Designing neural networks for discovery
Building the AI model required careful planning. Unlike systems trained on large datasets, this project had limited experimental data.
“When you’re investigating something new, there’s not a lot of data to train the AI on,” Nemenman explains. “That means we need to design neural networks that can learn new things while training on small amounts of data.”
The team spent more than a year refining the design through weekly meetings.
“We needed to build a network that followed the necessary rules while allowing us to explore and reason about unknown physics,” Barton explains.

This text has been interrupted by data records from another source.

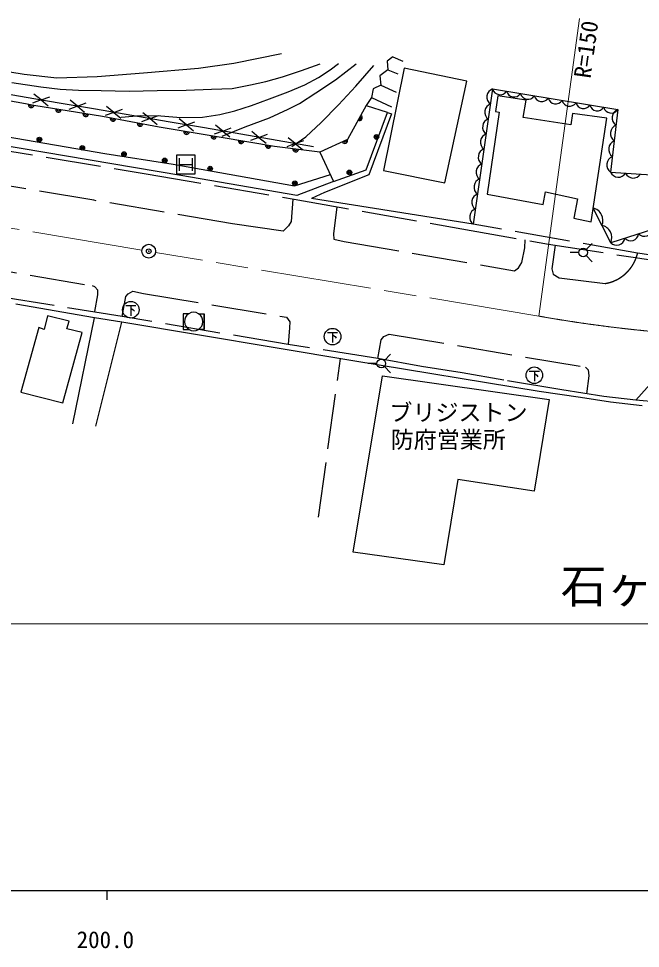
# Model space of a CAD drawing. Units: millimetres, scale not verified. Extents: x 40000 to 680000, y 20000 to 380000.
# Drawn here: x 258428 to 325915, y 198715 to 299659 of the extents above; entities that cross this region are included whole.
import ezdxf
from ezdxf.enums import TextEntityAlignment as Align

# ---------------------------------------------------------------- set-up
doc = ezdxf.new("R2010")
doc.units = ezdxf.units.MM
doc.header["$LTSCALE"] = 1000
doc.header["$PDMODE"] = 32
doc.header["$PDSIZE"] = 500
doc.linetypes.add('CHAIN', pattern=[18.5, 12, -1.5, 3.5, -1.5])
doc.linetypes.add('DASHED', pattern=[7.5, 6, -1.5])
for name, color, linetype, lineweight in [('M-BGD', 7, 'Continuous', 25), ('M-BGD-EXST', 7, 'Continuous', 25), ('M-BMK', 2, 'CHAIN', 13), ('M-BMK-SRVR', 3, 'Continuous', 25), ('M-STR-HTXT', 7, 'Continuous', 13), ('M-TTL-BAND', 7, 'Continuous', 25)]:
    doc.layers.add(name, color=color, linetype=linetype, lineweight=lineweight)
doc.layers.add('M-BMK-HTXT', color=7, linetype='Continuous')
doc.layers.add('M-OTRS', color=6, linetype='Continuous')
doc.styles.add('ＭＳ ゴシック', font='')
doc.styles.get('ＭＳ ゴシック').set_extended_font_data('MS Gothic')

msp = doc.modelspace()

# ---------------------------------------------------------------- linework, layer by layer
at = {"layer": 'M-BGD'}
for p, q in [((281788, 294823), (286951, 295882)), ((277950, 294293), (281788, 294823)), ((292258, 294081), (293144, 294770)), ((299048, 295492), (298425, 295033)), ((298425, 295033), (298491, 294114)), ((299048, 295492), (300131, 295033)), ((255712, 294161), (259021, 293631)), ((266963, 293367), (271993, 293764)), ((271993, 293764), (277950, 294293)), ((287059, 293327), (289126, 294016)), ((289126, 294016), (291160, 294737)), ((290979, 293261), (292258, 294081)), ((292816, 292999), (295079, 294737)), ((295047, 292310), (296982, 294573)), ((298491, 294114), (297638, 293458)), ((300275, 294260), (298034, 283185)), ((298491, 294114), (299606, 293655)), ((307061, 292852), (300275, 294260)), ((259021, 293631), (262595, 293234)), ((262595, 293234), (266963, 293367)), ((283582, 292474), (285255, 292835)), ((285255, 292835), (287059, 293327)), ((289503, 292474), (290979, 293261)), ((290684, 291588), (292816, 292999)), ((297638, 293458), (297736, 292441)), ((304692, 281840), (307061, 292852)), ((259241, 291107), (255295, 291757)), ((257702, 292737), (260851, 292245)), ((260851, 292245), (262950, 292015)), ((262950, 292015), (264918, 291884)), ((264918, 291884), (267378, 291851)), ((267378, 291851), (270429, 291785)), ((270429, 291785), (273480, 291851)), ((273480, 291851), (276628, 291884)), ((276628, 291884), (279351, 291982)), ((279351, 291982), (281614, 292081)), ((281614, 292081), (283582, 292474)), ((287699, 291720), (289503, 292474)), ((293144, 290309), (295047, 292310)), ((296916, 292048), (296719, 291096)), ((297736, 292441), (296916, 292048)), ((297736, 292441), (299409, 291654)), ((309878, 292020), (307765, 277359)), ((309878, 292020), (323450, 289779)), ((259178, 290408), (253635, 291392)), ((262836, 290490), (259241, 291107)), ((260865, 290828), (259927, 290482)), ((260865, 290828), (260096, 291467)), ((260865, 290828), (261803, 291174)), ((260865, 290828), (261634, 290189)), ((264807, 290151), (264038, 290791)), ((283697, 290211), (285665, 290932)), ((285665, 290932), (287699, 291720)), ((288913, 290440), (290684, 291588)), ((296719, 291096), (296162, 290211)), ((296719, 291096), (298917, 290080)), ((310428, 291287), (310185, 289586)), ((313506, 290801), (310428, 291287)), ((313182, 288938), (313506, 290801)), ((260097, 290211), (259178, 290408)), ((267526, 289030), (260097, 290211)), ((266778, 289813), (262836, 290490)), ((264807, 290151), (263869, 289805)), ((264807, 290151), (265745, 290497)), ((264807, 290151), (265576, 289512)), ((270721, 289136), (266778, 289813)), ((268750, 289475), (267981, 290114)), ((268750, 289475), (269688, 289821)), ((281893, 289653), (283697, 290211)), ((285665, 288899), (287699, 289817)), ((287699, 289817), (288913, 290440)), ((291274, 288374), (293144, 290309)), ((296162, 290211), (294128, 286537)), ((296162, 290211), (298425, 289489)), ((323450, 289779), (322682, 282993)), ((273693, 287882), (267526, 289030)), ((268750, 289475), (267811, 289128)), ((268750, 289475), (269519, 288835)), ((269560, 288964), (271659, 289128)), ((274663, 288460), (270721, 289136)), ((271659, 289128), (273857, 289096)), ((272692, 288798), (271754, 288452)), ((272692, 288798), (271923, 289437)), ((272692, 288798), (273630, 289144)), ((272692, 288798), (273461, 288159)), ((273857, 289096), (276022, 288932)), ((276634, 288121), (275865, 288760)), ((276022, 288932), (278383, 288964)), ((278383, 288964), (280253, 289260)), ((280253, 289260), (281893, 289653)), ((283008, 287915), (285665, 288899)), ((296162, 283224), (298458, 289456)), ((298884, 289325), (296457, 282699)), ((298458, 289456), (298884, 289325)), ((310590, 289505), (309294, 280594)), ((310185, 289586), (310590, 289505)), ((318366, 288128), (313182, 288938)), ((318529, 289343), (318366, 288128)), ((322255, 288857), (318529, 289343)), ((320554, 277597), (322255, 288857)), ((280417, 286767), (273693, 287882)), ((278605, 287783), (274663, 288460)), ((276634, 288121), (275696, 287775)), ((276634, 288121), (277572, 288467)), ((276634, 288121), (277403, 287482)), ((282548, 287106), (278605, 287783)), ((280577, 287445), (279808, 288084)), ((280515, 286898), (283008, 287915)), ((280577, 287445), (281515, 287791)), ((289601, 286832), (291274, 288374)), ((257079, 286865), (267805, 285028)), ((280577, 287445), (279638, 287098)), ((286190, 285783), (280417, 286767)), ((280577, 287445), (281346, 286805)), ((286490, 286430), (282548, 287106)), ((284519, 286768), (283581, 286422)), ((284519, 286768), (283750, 287407)), ((284519, 286768), (285457, 287114)), ((284519, 286768), (285288, 286129)), ((288461, 286091), (287692, 286730)), ((288093, 285783), (289601, 286832)), ((276038, 282634), (254586, 286242)), ((291110, 285159), (286190, 285783)), ((290432, 285753), (286490, 286430)), ((288461, 286091), (287523, 285745)), ((288461, 286091), (289399, 286437)), ((288461, 286091), (289230, 285452)), ((294128, 286537), (291110, 285159)), ((267805, 285028), (275218, 283847)), ((291110, 285159), (292619, 281978)), ((275218, 283847), (288371, 281486)), ((288371, 281486), (292275, 282732)), ((296457, 282699), (291635, 280764)), ((292619, 281978), (296162, 283224)), ((298034, 283185), (304692, 281840)), ((322682, 282993), (332381, 282376)), ((288634, 280436), (276038, 282634)), ((315369, 279460), (315612, 280837)), ((315612, 280837), (319096, 280108)), ((307765, 277359), (290208, 280141)), ((309294, 280594), (315369, 279460)), ((319096, 280108), (318691, 278002)), ((322700, 275328), (320778, 279083)), ((318691, 278002), (320554, 277597)), ((331773, 278245), (322700, 275328)), ((266693, 270537), (266442, 270662)), ((267027, 270161), (266693, 270537)), ((266693, 267864), (267027, 269660)), ((267027, 269660), (267027, 270161)), ((270325, 269785), (270826, 270077)), ((266651, 267155), (258112, 268658)), ((269678, 267322), (270075, 269493)), ((261557, 267376), (261191, 265911)), ((263912, 266800), (261557, 267376)), ((263676, 265963), (263912, 266800)), ((264313, 255672), (266651, 267155)), ((269615, 266695), (266651, 267155)), ((266818, 255422), (269615, 266695)), ((294710, 262520), (269615, 266695)), ((260615, 266120), (258653, 259108)), ((261191, 265911), (260615, 266120)), ((263232, 257957), (265325, 265570)), ((265325, 265570), (263676, 265963)), ((314919, 259179), (294710, 262520)), ((294731, 241741), (297919, 260871)), ((297919, 260871), (315999, 258306)), ((258653, 259108), (263232, 257957)), ((319428, 258511), (314919, 259179)), ((322685, 258010), (319428, 258511)), ((315999, 258306), (314381, 248342)), ((326109, 257635), (322685, 258010)), ((306086, 249606), (304594, 240375)), ((314381, 248342), (306086, 249606)), ((304594, 240375), (294731, 241741))]:
    msp.add_line(p, q, dxfattribs=at)
at = {"layer": 'M-BGD', "linetype": 'DASHED'}
for p, q in [((254012, 285848), (272282, 282798)), ((272282, 282798), (288322, 280042)), ((266604, 279929), (256038, 281696)), ((292619, 281978), (288634, 280436)), ((291635, 280764), (290208, 280141)), ((281626, 277393), (266604, 279929)), ((288197, 280064), (288003, 277623)), ((288322, 280042), (306527, 276828)), ((292962, 279223), (292613, 276279)), ((288003, 277623), (287734, 277162)), ((287158, 276586), (281626, 277393)), ((287734, 277162), (287158, 276586)), ((306527, 276828), (315941, 275188)), ((325616, 274204), (307765, 277359)), ((292613, 276279), (292652, 275703)), ((292652, 275703), (293766, 275472)), ((313360, 274780), (313425, 275626)), ((293766, 275472), (312246, 272283)), ((313053, 273167), (313360, 274780)), ((315941, 275188), (325125, 273744)), ((316663, 275074), (316318, 272475)), ((244897, 274336), (266442, 270662)), ((325125, 273744), (334343, 272400)), ((335240, 272783), (325616, 274204)), ((312246, 272283), (312668, 272591)), ((312668, 272591), (313053, 273167)), ((316318, 272475), (316433, 271899)), ((316433, 271899), (317087, 271515)), ((317087, 271515), (322081, 270900)), ((270075, 269493), (270325, 269785)), ((270826, 270077), (271995, 269827)), ((271995, 269827), (287507, 267238)), ((269678, 267322), (256087, 269493)), ((287674, 264273), (269678, 267322)), ((287507, 267238), (287883, 266737)), ((287883, 266737), (287841, 266069)), ((287841, 266069), (287674, 264273)), ((297403, 262770), (297779, 264775)), ((297779, 264775), (298071, 265150)), ((298071, 265150), (298655, 265401)), ((298655, 265401), (319971, 261810)), ((297403, 262770), (287674, 264273)), ((290977, 245517), (293350, 262746)), ((302157, 261876), (297403, 262770)), ((306571, 261184), (302157, 261876)), ((319971, 261810), (320263, 261518)), ((320263, 261518), (320305, 260891)), ((311104, 260396), (306571, 261184)), ((320305, 260891), (320077, 258934)), ((325420, 258249), (327877, 260993)), ((317403, 259370), (311104, 260396)), ((321936, 258631), (317403, 259370)), ((325420, 258249), (321936, 258631)), ((327854, 258034), (325420, 258249))]:
    msp.add_line(p, q, dxfattribs=at)
at = {"layer": 'M-BGD'}
for centre, radius in [((297276, 286809), 150), ((297276, 286809), 75), ((260684, 286523), 150), ((260684, 286523), 75), ((265345, 285632), 150), ((265345, 285632), 75), ((269868, 284947), 150), ((269868, 284947), 75), ((274289, 284261), 150), ((274289, 284261), 75), ((279224, 283370), 150), ((279224, 283370), 75), ((294334, 282956), 150), ((294334, 282956), 75), ((288409, 281794), 150), ((288409, 281794), 75)]:
    msp.add_circle(centre, radius, dxfattribs=at)
for centre, radius, start, end in [((310183, 291144), 927, 109.23282, 234.36689), ((310686, 292225), 834, 194.23488, 327.01583), ((312194, 291976), 834, 194.23488, 327.01583), ((313702, 291727), 834, 194.23488, 327.01583), ((315210, 291478), 834, 194.23488, 327.01583), ((316718, 291229), 834, 194.23488, 327.01583), ((318226, 290980), 834, 194.23488, 327.01583), ((259792, 290288), 300, 170.21084, 350.21084), ((259792, 290288), 150, 170.21084, 350.21084), ((262750, 289789), 300, 170.96893, 350.96893), ((262750, 289789), 150, 170.96893, 350.96893), ((309948, 289515), 927, 109.23282, 234.36689), ((319734, 290731), 834, 194.23488, 327.01583), ((321242, 290482), 834, 194.23488, 327.01583), ((322750, 290233), 834, 194.23488, 327.01583), ((323830, 288877), 979, 112.82632, 234.25604), ((265713, 289318), 300, 170.96893, 350.96893), ((265713, 289318), 150, 170.96893, 350.96893), ((268670, 288817), 300, 169.45397, 349.45397), ((268670, 288817), 150, 169.45397, 349.45397), ((295427, 288884), 300, 241.03234, 61.03234), ((295427, 288884), 150, 241.03234, 61.03234), ((309714, 287886), 927, 109.23282, 234.36689), ((271619, 288268), 300, 169.45397, 349.45397), ((271619, 288268), 150, 169.45397, 349.45397), ((323638, 287180), 979, 112.82632, 234.25604), ((276652, 287391), 300, 170.58301, 350.58301), ((276652, 287391), 150, 170.58301, 350.58301), ((279612, 286900), 300, 170.58301, 350.58301), ((279612, 286900), 150, 170.58301, 350.58301), ((309479, 286257), 927, 109.23282, 234.36689), ((282570, 286400), 300, 170.32664, 350.32664), ((282570, 286400), 150, 170.32664, 350.32664), ((285527, 285896), 300, 170.32664, 350.32664), ((285527, 285896), 150, 170.32664, 350.32664), ((293839, 286405), 300, 204.53773, 24.53773), ((293839, 286405), 150, 204.53773, 24.53773), ((323446, 285484), 979, 112.82632, 234.25604), ((288499, 285490), 300, 172.78098, 352.78098), ((288499, 285490), 150, 172.78098, 352.78098), ((309244, 284628), 927, 109.23282, 234.36689), ((323253, 283787), 979, 112.82632, 234.25604), ((309009, 282999), 927, 109.23282, 234.36689), ((323516, 283346), 906, 202.98251, 329.74212), ((325132, 283244), 906, 202.98251, 329.74212), ((308775, 281370), 927, 109.23282, 234.36689), ((308540, 279741), 927, 109.23282, 234.36689), ((308305, 278113), 927, 109.23282, 234.36689), ((320491, 277752), 1362, 336.37326, 77.84299), ((321453, 275874), 1362, 336.37326, 77.84299), ((326364, 276906), 881, 223.43056, 352.20722), ((323340, 275934), 881, 223.43056, 352.20722), ((324852, 276420), 881, 223.43056, 352.20722)]:
    msp.add_arc(centre, radius, start, end, dxfattribs=at)
at = {"layer": 'M-BGD', "linetype": 'DASHED'}
msp.add_arc((321381, 275192), 4348, 279.26744, 346.87139, dxfattribs=at)
at = {"layer": 'M-BGD'}
for p in [(260684, 286523), (297276, 286809), (265345, 285632), (269868, 284947), (274289, 284261), (279224, 283370), (294334, 282956), (288409, 281794)]:
    msp.add_point(p, dxfattribs=at)
at = {"layer": 'M-BGD-EXST'}
for p, q in [((277577, 284819), (275577, 284819)), ((275577, 284819), (275577, 282819)), ((277577, 282819), (277577, 284819)), ((275886, 283122), (275886, 284522)), ((275886, 283822), (277286, 283822)), ((277288, 283116), (277288, 284516)), ((275577, 282819), (277577, 282819)), ((320027, 274590), (320693, 275256)), ((319222, 274256), (318279, 274256)), ((320027, 273923), (320693, 273256)), ((270063, 268500), (271151, 268500)), ((270607, 268500), (270607, 267405)), ((270610, 268237), (270871, 268049)), ((270871, 268049), (270991, 267886)), ((276294, 267618), (276294, 265912)), ((276896, 267618), (276294, 267618)), ((276294, 267618), (276294, 265912)), ((277971, 267618), (278567, 267618)), ((278567, 265912), (278567, 267618)), ((278567, 267618), (278567, 265912)), ((276294, 265912), (276927, 265912)), ((278567, 265912), (277941, 265912)), ((291961, 265581), (293049, 265581)), ((292505, 265581), (292505, 264485)), ((292508, 265317), (292769, 265129)), ((292769, 265129), (292889, 264966)), ((298129, 262546), (298795, 263212)), ((297324, 262212), (296381, 262212)), ((298129, 261879), (298795, 261212)), ((313860, 261383), (314948, 261383)), ((314404, 261383), (314404, 260288)), ((314406, 261120), (314667, 260932)), ((314667, 260932), (314787, 260769))]:
    msp.add_line(p, q, dxfattribs=at)
for centre, radius in [((319693, 274256), 471), ((270605, 268052), 900), ((292503, 265132), 900), ((297795, 262212), 471), ((314401, 260935), 900)]:
    msp.add_circle(centre, radius, dxfattribs=at)
for start, end in [(122.52535, 239.54295), (57.47465, 122.52535), (300.45706, 57.47464), (239.54294, 300.45706)]:
    msp.add_arc((277434, 266774), 1000, start, end, dxfattribs=at)
at = {"layer": 'M-BMK'}
for p, q in [((271810, 274527), (174773, 290759)), ((314887, 267360), (273290, 274280))]:
    msp.add_line(p, q, dxfattribs=at)
msp.add_arc((341365, 416369), 151344, 259.92405, 281.2624, dxfattribs=at)
at = {"layer": 'M-BMK-SRVR'}
msp.add_circle((272550, 274403), 750, dxfattribs=at)
at = {"layer": 'M-OTRS'}
msp.add_point((272550, 274403), dxfattribs=at)
at = {"layer": 'M-STR-HTXT'}
for p, q in [((314887, 267360), (319308, 299659)), ((70794, 233954), (343649, 233954))]:
    msp.add_line(p, q, dxfattribs=at)
at = {"layer": 'M-TTL-BAND'}
for p, q in [((40000, 205000), (579000, 205000)), ((268000, 205000), (268000, 204000))]:
    msp.add_line(p, q, dxfattribs=at)

# ---------------------------------------------------------------- texts
at = {"layer": 'M-BGD-EXST', "style": 'ＭＳ ゴシック'}
msp.add_text('R=150', height=1833, rotation=82.057, dxfattribs=at).set_placement((321043, 293027), align=Align.BOTTOM_LEFT)
for s, p in [('ブリジストン', (298670, 255428)), ('防府営業所', (298813, 252482))]:
    msp.add_text(s, height=1833, dxfattribs=at).set_placement(p, align=Align.BOTTOM_LEFT)
at = {"layer": 'M-BMK-HTXT', "style": 'ＭＳ ゴシック'}
msp.add_text('石ヶ口', height=3666, dxfattribs=at).set_placement((317265, 235125), align=Align.BOTTOM_LEFT)
at = {"layer": 'M-TTL-BAND', "style": 'ＭＳ ゴシック'}
msp.add_text('200.0', height=1833, dxfattribs=at).set_placement((267844, 198195), align=Align.BOTTOM_CENTER)

doc.saveas('drawing.dxf')

“It took over a year of back and forth discussions in weekly meetings,” Nemenman added. “Once we came up with the correct structure of the network we needed for training, it turned out to be very simple.”
The final model separated particle motion into three main influences: drag due to velocity, environmental forces such as gravity, and forces between particles.
Amazing results and new insights
After training on 3D particle trajectories, the AI was able to capture complex interactions involving asymmetric forces between particles.
Researchers liken this behavior to two boats crossing a lake. Each boat creates waves that affect the other boats. Depending on the wave’s position, these waves push or pull the boat in different ways.
“In a dusty plasma, we described how leading particles attract trailing particles, but trailing particles always repel leading particles,” Nemenmann explains. “This phenomenon was predicted by some, but we now have an accurate approximation that didn’t exist before.”
This result also calls into question previous theories. One long-standing idea suggested that a particle’s charge increases in direct proportion to its size. The new findings show that larger particles carry more charge, but the relationship is more complex and depends on factors such as plasma density and temperature.
Another assumption was that the forces between particles were independent of particle size and decreased exponentially with distance. The AI model revealed that particle size affects how quickly these forces weaken.
The research team confirmed these conclusions through additional experiments.
New tools for exploring complex systems
Researchers have developed a physically-based neural network that can run on a standard desktop computer. They believe this provides a flexible framework for studying many-body systems across a variety of disciplines.
Nemenmann will soon be teaching at the Konstanz School of Collective Behavior in Germany. There, scientists study systems ranging from flocks of birds to crowds of humans.
“I will be teaching students from all over the world how to use AI to infer the physics of collective motion – not in dusty plasmas, but in living systems,” he says.
Even with these advances, human expertise remains essential. Scientists must carefully design models and interpret results.
“Developing and using AI tools in ways that truly advance science, technology, and the humanities requires critical thinking,” Barton says.
He remains optimistic about the future.
“I think it’s like the Star Trek motto: boldly go where no one has gone before,” Burton says. “When used properly, AI can open the door to entirely new realms.”